Here the trial court instructed the jury to acquit if they believed the alibi testimony. The court then, however, cautioned the jury that they “must be satisfied as to the truth of the alibi”. This instruction is correct and did not in itself improperly shift the burden of proof. It merely informed the jury that if they found that the defendant had been in Cleveland at the pertinent time it would have been impossible for him to have committed the crimes in Buffalo. The court erred, however, in failing to tell the jury that a contrary finding regarding the alibi testimony did not automatically authorize a guilty verdict; the People had the burden of disproving the alibi defense beyond a reasonable doubt; and the alibi defense when considered with other evidence may raise a reasonable doubt as to guilt.
The court did not explain that a guilty verdict cannot result from a mere disbelief of the alibi testimony. This omission created the possibility that the jury might have concluded, without considering the weight of the prosecution’s evidence, that since the defendant was not in Cleveland he must have been in Buffalo and committed the crimes. The effect of this truncated instruction was an impermissible shifting of the burden of proof which had the effect of requiring the defendant to prove his absence from the two banks on the day of the crimes. To this charge, defendant properly excepted (CPL 470.05, subd 2).

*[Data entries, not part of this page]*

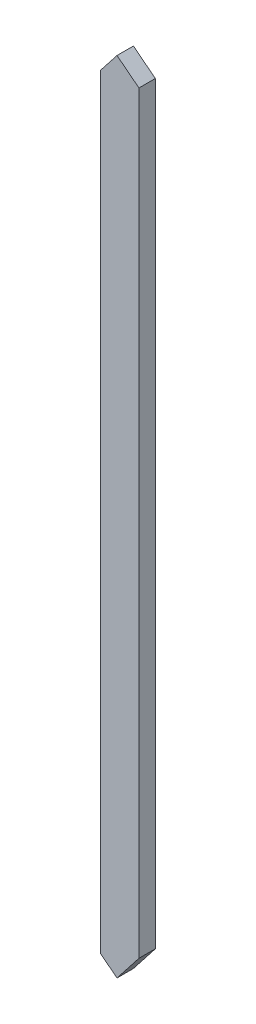
from build123d import *

# Parameters (mm, degrees)
SKETCH1_W           = 88.9
SKETCH1_H           = 38.1
BOSS_EXTRUDE1_DEPTH = 2032
CUT_EXTRUDE2_DEPTH  = 39.1
CUT_EXTRUDE3_DEPTH  = 39.1


with BuildPart() as part:
    # Sketch1 → Boss-Extrude1 (new body)
    with BuildSketch(Plane(origin=(0, 0, 0), x_dir=(1, 0, 0), z_dir=(0, 1, 0))):
        Rectangle(SKETCH1_W, SKETCH1_H)
    extrude(amount=BOSS_EXTRUDE1_DEPTH)

    # Sketch2 → Cut-Extrude2 (cut, through all)
    with BuildSketch(Plane.XY.offset(19.05)):
        Polygon((-44.45, 1806.041104583), (-6.454118941, 1854.591397047), (44.45, 1814.753390919), (44.45, 2032), (-44.45, 2032), align=None)
    extrude(amount=-CUT_EXTRUDE2_DEPTH, mode=Mode.SUBTRACT)

    # Sketch3 → Cut-Extrude3 (cut, through all)
    with BuildSketch(Plane.XY.offset(19.05)):
        Polygon((44.45, 65.04415198), (-6.454118941, 0), (-44.45, 29.735906916), (-64.239470553, 4.449361209), (31.244243748, -54.430099769), (82.106502152, 35.573845948), align=None)
    extrude(amount=-CUT_EXTRUDE3_DEPTH, mode=Mode.SUBTRACT)


solid = part.part
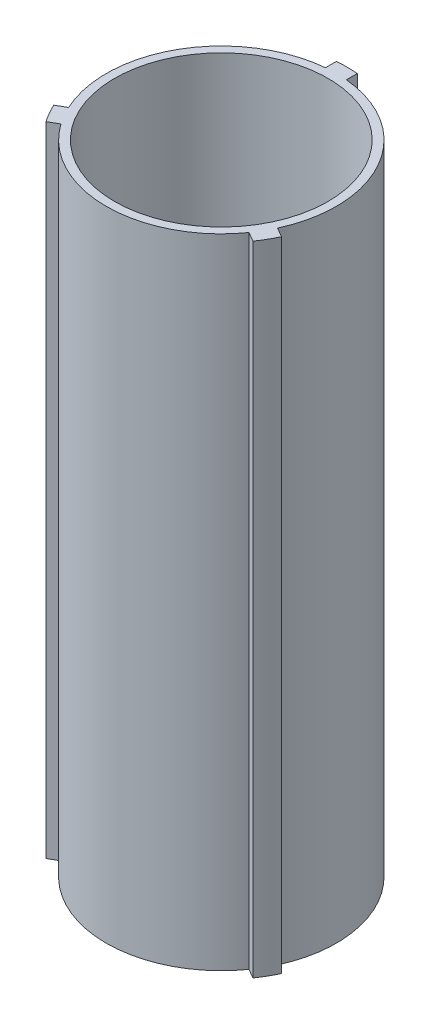
from build123d import *

# Parameters (mm, degrees)
SKETCH1_R           = 32.385
BOSS_EXTRUDE1_DEPTH = 193.675


with BuildPart() as part:
    # Sketch1 → Boss-Extrude1 (new body)
    with BuildSketch(Plane(origin=(0, 0, 0), x_dir=(1, 0, 0), z_dir=(0, 1, 0))):
        with BuildLine():
            Line((-3.175, 34.780382402), (-3.175, 38.094919661))
            ThreePointArc((-3.175, 38.094919661), (0, 38.227), (3.175, 38.094919661))
            Line((3.175, 38.094919661), (3.175, 34.780382402))
            ThreePointArc((3.175, 34.780382402), (30.245937227, 17.4625), (31.708194713, -14.640560544))
            Line((31.708194713, -14.640560544), (34.578668182, -16.297829174))
            ThreePointArc((34.578668182, -16.297829174), (33.10555311, -19.1135), (31.403668182, -21.797090488))
            Line((31.403668182, -21.797090488), (28.533194713, -20.139821858))
            ThreePointArc((28.533194713, -20.139821858), (0, -34.925), (-28.533194713, -20.139821858))
            Line((-28.533194713, -20.139821858), (-31.403668182, -21.797090488))
            ThreePointArc((-31.403668182, -21.797090488), (-33.10555311, -19.1135), (-34.578668182, -16.297829174))
            Line((-34.578668182, -16.297829174), (-31.708194713, -14.640560544))
            ThreePointArc((-31.708194713, -14.640560544), (-30.245937227, 17.4625), (-3.175, 34.780382402))
        make_face()
        Circle(SKETCH1_R, mode=Mode.SUBTRACT)
    extrude(amount=BOSS_EXTRUDE1_DEPTH)


solid = part.part
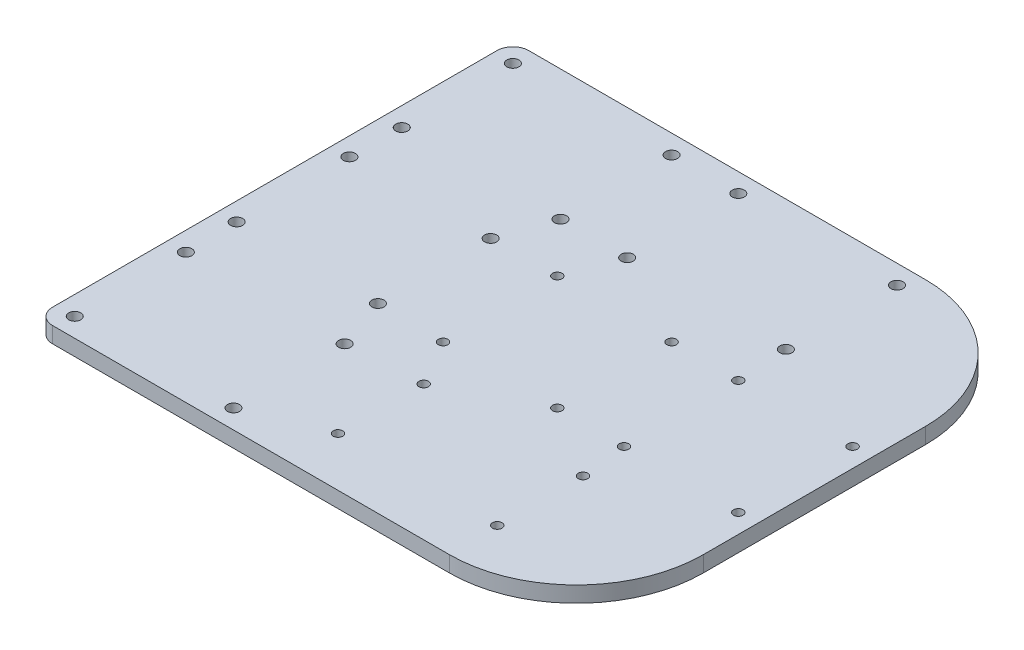
from build123d import *

# Parameters (mm, degrees)
SKETCH_1_W      = 170
SKETCH_1_H      = 150
SKETCH_1_R      = 1.5
SKETCH_1_R_2    = 1.9
EXTRUDE_1_DEPTH = 5
FILLET_1_R      = 5
FILLET_2_R      = 40


with BuildPart() as part:
    # 草图1 → 凸台-拉伸1 (new body)
    with BuildSketch(Plane(origin=(0, 0, 0), x_dir=(1, 0, 0), z_dir=(0, 1, 0))):
        with Locations((-4, 0)):
            Rectangle(SKETCH_1_W, SKETCH_1_H)
        with Locations((75, 18)):
            Circle(SKETCH_1_R, mode=Mode.SUBTRACT)
        with Locations((18, 18)):
            Circle(SKETCH_1_R, mode=Mode.SUBTRACT)
        with Locations((-83.25, 17.75)):
            Circle(SKETCH_1_R_2, mode=Mode.SUBTRACT)
        with Locations((-9.58, -59.5)):
            Circle(SKETCH_1_R, mode=Mode.SUBTRACT)
        with Locations((-83, 34)):
            Circle(SKETCH_1_R_2, mode=Mode.SUBTRACT)
        with Locations((-83, 69)):
            Circle(SKETCH_1_R_2, mode=Mode.SUBTRACT)
        with Locations((-33, 34)):
            Circle(SKETCH_1_R_2, mode=Mode.SUBTRACT)
        with Locations((-33, 69)):
            Circle(SKETCH_1_R_2, mode=Mode.SUBTRACT)
        with Locations((-12, 34)):
            Circle(SKETCH_1_R_2, mode=Mode.SUBTRACT)
        with Locations((-12, 69)):
            Circle(SKETCH_1_R_2, mode=Mode.SUBTRACT)
        with Locations((38, 69)):
            Circle(SKETCH_1_R_2, mode=Mode.SUBTRACT)
        with Locations((38, 34)):
            Circle(SKETCH_1_R_2, mode=Mode.SUBTRACT)
        with Locations((-38.75, 17.75)):
            Circle(SKETCH_1_R_2, mode=Mode.SUBTRACT)
        with Locations((-18, 18)):
            Circle(SKETCH_1_R, mode=Mode.SUBTRACT)
        with Locations((39, 18)):
            Circle(SKETCH_1_R, mode=Mode.SUBTRACT)
        with Locations((75, -18)):
            Circle(SKETCH_1_R, mode=Mode.SUBTRACT)
        with Locations((39, -18)):
            Circle(SKETCH_1_R, mode=Mode.SUBTRACT)
        with Locations((18, -18)):
            Circle(SKETCH_1_R, mode=Mode.SUBTRACT)
        with Locations((-18, -18)):
            Circle(SKETCH_1_R, mode=Mode.SUBTRACT)
        with Locations((-83, -69)):
            Circle(SKETCH_1_R_2, mode=Mode.SUBTRACT)
        with Locations((-33, -69)):
            Circle(SKETCH_1_R_2, mode=Mode.SUBTRACT)
        with Locations((-33, -34)):
            Circle(SKETCH_1_R_2, mode=Mode.SUBTRACT)
        with Locations((-83, -34)):
            Circle(SKETCH_1_R_2, mode=Mode.SUBTRACT)
        with Locations((-38.75, -17.75)):
            Circle(SKETCH_1_R_2, mode=Mode.SUBTRACT)
        with Locations((-83.25, -17.75)):
            Circle(SKETCH_1_R_2, mode=Mode.SUBTRACT)
        with Locations((40.58, -59.5)):
            Circle(SKETCH_1_R, mode=Mode.SUBTRACT)
        with Locations((40.58, -32.5)):
            Circle(SKETCH_1_R, mode=Mode.SUBTRACT)
        with Locations((-9.58, -32.5)):
            Circle(SKETCH_1_R, mode=Mode.SUBTRACT)
    extrude(amount=EXTRUDE_1_DEPTH)

    # 圆角1
    fillet_1_edges = [part.edges().sort_by_distance(p)[0] for p in [
        (-89, 2.5, -75),
        (-89, 2.5, 75),
    ]]
    fillet(fillet_1_edges, radius=FILLET_1_R)

    # 圆角2
    fillet_2_edges = [part.edges().sort_by_distance(p)[0] for p in [
        (81, 2.5, -75),
        (81, 2.5, 75),
    ]]
    fillet(fillet_2_edges, radius=FILLET_2_R)


solid = part.part

The Court of Appeals has stated with reference to the “alibi” defense that: it is not “an exculpatory defense upon which the defendant has the burden of proof” (People v Russell, 266 NY 147, 152, quoted in People v Rabinowitz, 290 NY 386, 388). Rather, it is evidence which is to be considered with other evidence in determining whether a reasonable doubt exists as to defendant’s guilt (People v Elmore, 277 NY 397, 405-406; People v Barbato, 254 NY 170, 179). Two other departments have recently considered similar charges involving an alibi defense and reached the *433same conclusion as we do in this case (People v Velazquez, 77 AD2d 845 [1st Dept, 1980]; cf. People v Sowell, 75 AD2d 608 [2d Dept, 1980]). The danger to be avoided in these cases is, of course, the tempting—but not logical— conclusion that if the jury does not believe that the defendant was where he claimed to be, he must, perforce, have been at the scene of the crime.
We note that there was absent from the alibi charge given in the case in the First Department the statement present in this case that: “the burden of proof on the People never shifts”. Nonetheless, we conclude that from the charge as given the jury could reasonably have interpreted it as requiring the defendant to adduce some quantum of evidence as to the truth of the alibi despite the instruction that “the burden of proof on the People never shifts”. Father, the jury should have been instructed that the burden is upon the People to disprove the alibi beyond a reasonable doubt (Penal Law, § 25.00, subd 1; People v Jones, 74 AD2d 515; People v Velazquez, supra, p 846); and the jury should have been further charged that either the alibi itself raised or, when considered with all other evidence, could raise a reasonable doubt as to defendant’s guilt (People v Jones, supra; People v Barbato, supra, p 179; People v Elmore, supra, pp 405-406).
We believe that this error in the charge prejudiced defendant and mandates that he receive a new trial. Accordingly, the judgment of conviction should be reversed and a new trial should be granted.